I don't normally talk in emoticons but...


----------



## davem2bits (Feb 2, 2009)

bjazman said:


> i have absolutely no idea what this means!


Means Barry might as well spend his time weeding the vegatable garden in the back yard or work on his golf game. He ain't gonna get much else done.


----------



## Rasputina (May 6, 2009)

I must say I'm surprised. Pleasantly surprised. I sure didn't think Mass had it in them.


----------



## corkyb (Apr 25, 2009)

This is a very sad day for Massachusetts.  As the saying goes, though, the dems could screw up a .............
Unbelievable.  Poor Senator Ted Kennedy.  How long was he Senator from Mass?  For how many years did he advocate health care reform? The Democrats could lose a 50 year seat in Massachusetts?  We are in big trouble.
That video on The Daily Show someone posted here says it all.
Ok,now I'll shut up too
Paula from New Englanndy NY on a sad day.


----------



## Gayle (Aug 31, 2009)

Didn't the White House advocate "Change"?


----------



## Scheherazade (Apr 11, 2009)

Zia Star said:


> Didn't the White House advocate "Change"?

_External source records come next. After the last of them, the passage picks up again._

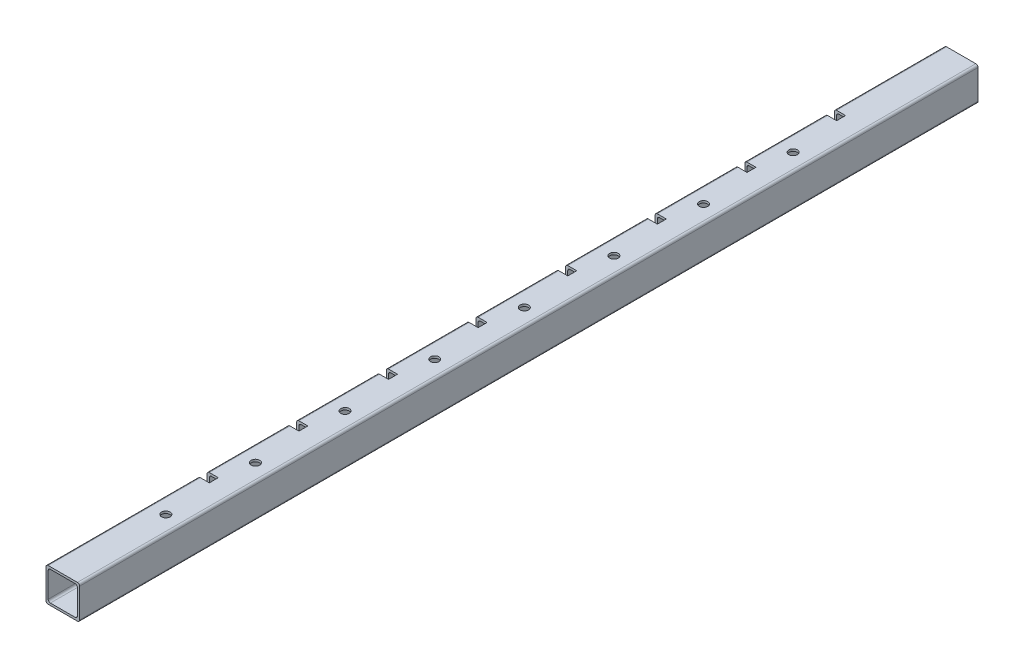
from build123d import *

# Parameters (mm, degrees)
SKETCH3_W           = 19.05
SKETCH3_H           = 19.05
SKETCH3_W_2         = 16.5608
SKETCH3_H_2         = 16.5608
BOSS_EXTRUDE1_DEPTH = 254.635
FILLET1_R           = 1.2446
CUT_EXTRUDE1_REACH  = 257.524
SKETCH4_R           = 2.413
CUT_EXTRUDE3_DEPTH  = 6.35
LPATTERN2_COUNT     = 8
LPATTERN2_PITCH     = 50.8


with BuildPart() as part:
    # Sketch3 → Boss-Extrude1 (new, symmetric)
    with BuildSketch(Plane.XY):
        Rectangle(SKETCH3_W, SKETCH3_H)
        Rectangle(SKETCH3_W_2, SKETCH3_H_2, mode=Mode.SUBTRACT)
    extrude(amount=BOSS_EXTRUDE1_DEPTH, both=True)

    # Fillet1
    fillet1_edges = [part.edges().sort_by_distance(p)[0] for p in [
        (-8.2804, -8.2804, 0),
        (8.2804, -8.2804, 0),
        (8.2804, 8.2804, 0),
        (-8.2804, 8.2804, 0),
        (9.525, -9.525, 0),
        (-9.525, -9.525, 0),
        (-9.525, 9.525, 0),
        (9.525, 9.525, 0),
    ]]
    fillet(fillet1_edges, radius=FILLET1_R)

    # Sketch4 → Cut-Extrude1 (cut, up to next)
    with BuildSketch(Plane(origin=(0, 9.525, 0), x_dir=(1, 0, 0), z_dir=(0, 1, 0)), mode=Mode.PRIVATE) as cut_extrude1_sk1:
        with Locations(Location((0, 159.385, 0), (0, 0, 270))):
            Circle(SKETCH4_R)
    cut_extrude1_tool1 = extrude(cut_extrude1_sk1.sketch, amount=-CUT_EXTRUDE1_REACH, mode=Mode.PRIVATE) & part.part
    # Sketch4 → Cut-Extrude1 (cut, up to next)
    with BuildSketch(Plane(origin=(0, 9.525, 0), x_dir=(1, 0, 0), z_dir=(0, 1, 0)), mode=Mode.PRIVATE) as cut_extrude1_sk2:
        with Locations(Location((0, 108.585, 0), (0, 0, 270))):
            Circle(SKETCH4_R)
    cut_extrude1_tool2 = extrude(cut_extrude1_sk2.sketch, amount=-CUT_EXTRUDE1_REACH, mode=Mode.PRIVATE) & part.part
    # Sketch4 → Cut-Extrude1 (cut, up to next)
    with BuildSketch(Plane(origin=(0, 9.525, 0), x_dir=(1, 0, 0), z_dir=(0, 1, 0)), mode=Mode.PRIVATE) as cut_extrude1_sk3:
        with Locations(Location((0, 57.785, 0), (0, 0, 270))):
            Circle(SKETCH4_R)
    cut_extrude1_tool3 = extrude(cut_extrude1_sk3.sketch, amount=-CUT_EXTRUDE1_REACH, mode=Mode.PRIVATE) & part.part
    # Sketch4 → Cut-Extrude1 (cut, up to next)
    with BuildSketch(Plane(origin=(0, 9.525, 0), x_dir=(1, 0, 0), z_dir=(0, 1, 0)), mode=Mode.PRIVATE) as cut_extrude1_sk4:
        with Locations(Location((0, 6.985, 0), (0, 0, 270))):
            Circle(SKETCH4_R)
    cut_extrude1_tool4 = extrude(cut_extrude1_sk4.sketch, amount=-CUT_EXTRUDE1_REACH, mode=Mode.PRIVATE) & part.part
    # Sketch4 → Cut-Extrude1 (cut, up to next)
    with BuildSketch(Plane(origin=(0, 9.525, 0), x_dir=(1, 0, 0), z_dir=(0, 1, 0)), mode=Mode.PRIVATE) as cut_extrude1_sk5:
        with Locations(Location((0, -43.815, 0), (0, 0, 270))):
            Circle(SKETCH4_R)
    cut_extrude1_tool5 = extrude(cut_extrude1_sk5.sketch, amount=-CUT_EXTRUDE1_REACH, mode=Mode.PRIVATE) & part.part
    # Sketch4 → Cut-Extrude1 (cut, up to next)
    with BuildSketch(Plane(origin=(0, 9.525, 0), x_dir=(1, 0, 0), z_dir=(0, 1, 0)), mode=Mode.PRIVATE) as cut_extrude1_sk6:
        with Locations(Location((0, -94.615, 0), (0, 0, 270))):
            Circle(SKETCH4_R)
    cut_extrude1_tool6 = extrude(cut_extrude1_sk6.sketch, amount=-CUT_EXTRUDE1_REACH, mode=Mode.PRIVATE) & part.part
    # Sketch4 → Cut-Extrude1 (cut, up to next)
    with BuildSketch(Plane(origin=(0, 9.525, 0), x_dir=(1, 0, 0), z_dir=(0, 1, 0)), mode=Mode.PRIVATE) as cut_extrude1_sk7:
        with Locations(Location((0, -145.415, 0), (0, 0, 270))):
            Circle(SKETCH4_R)
    cut_extrude1_tool7 = extrude(cut_extrude1_sk7.sketch, amount=-CUT_EXTRUDE1_REACH, mode=Mode.PRIVATE) & part.part
    # Sketch4 → Cut-Extrude1 (cut, up to next)
    with BuildSketch(Plane(origin=(0, 9.525, 0), x_dir=(1, 0, 0), z_dir=(0, 1, 0)), mode=Mode.PRIVATE) as cut_extrude1_sk8:
        with Locations(Location((0, -196.215, 0), (0, 0, 270))):
            Circle(SKETCH4_R)
    cut_extrude1_tool8 = extrude(cut_extrude1_sk8.sketch, amount=-CUT_EXTRUDE1_REACH, mode=Mode.PRIVATE) & part.part
    add(cut_extrude1_tool1.solids().sort_by_distance((0, 9.525, -159.385))[0], mode=Mode.SUBTRACT)
    add(cut_extrude1_tool2.solids().sort_by_distance((0, 9.525, -108.585))[0], mode=Mode.SUBTRACT)
    add(cut_extrude1_tool3.solids().sort_by_distance((0, 9.525, -57.785))[0], mode=Mode.SUBTRACT)
    add(cut_extrude1_tool4.solids().sort_by_distance((0, 9.525, -6.985))[0], mode=Mode.SUBTRACT)
    add(cut_extrude1_tool5.solids().sort_by_distance((0, 9.525, 43.815))[0], mode=Mode.SUBTRACT)
    add(cut_extrude1_tool6.solids().sort_by_distance((0, 9.525, 94.615))[0], mode=Mode.SUBTRACT)
    add(cut_extrude1_tool7.solids().sort_by_distance((0, 9.525, 145.415))[0], mode=Mode.SUBTRACT)
    add(cut_extrude1_tool8.solids().sort_by_distance((0, 9.525, 196.215))[0], mode=Mode.SUBTRACT)

    # Sketch6 → Cut-Extrude3 (cut)
    with BuildSketch(Plane.ZY.offset(9.525)):
        Polygon((-182.118, -1.651), (-187.198, -1.651), (-187.198, 9.525), (-192.278, 9.525), (-192.278, -6.477), (-182.118, -6.477), (-177.292, -6.477), (-177.292, -1.651), align=None)
    cut_extrude3 = extrude(amount=-CUT_EXTRUDE3_DEPTH, mode=Mode.SUBTRACT)

    # LPattern2: Cut-Extrude3 ×8
    with Locations(*[(0, 0, i * LPATTERN2_PITCH) for i in range(1, LPATTERN2_COUNT)]):
        add(cut_extrude3, mode=Mode.SUBTRACT)


solid = part.part

Well, he finally delivered if that's the case


----------



## davem2bits (Feb 2, 2009)

Zia Star said:


> Didn't the White House advocate "Change"?


No, that's what he said to get the job. Hasn't been any since he moved in. Just status and quo.


----------



## dnagirl (Oct 21, 2009)

"Pork in the stratosphere" may be one of the funniest things I've heard this week.


----------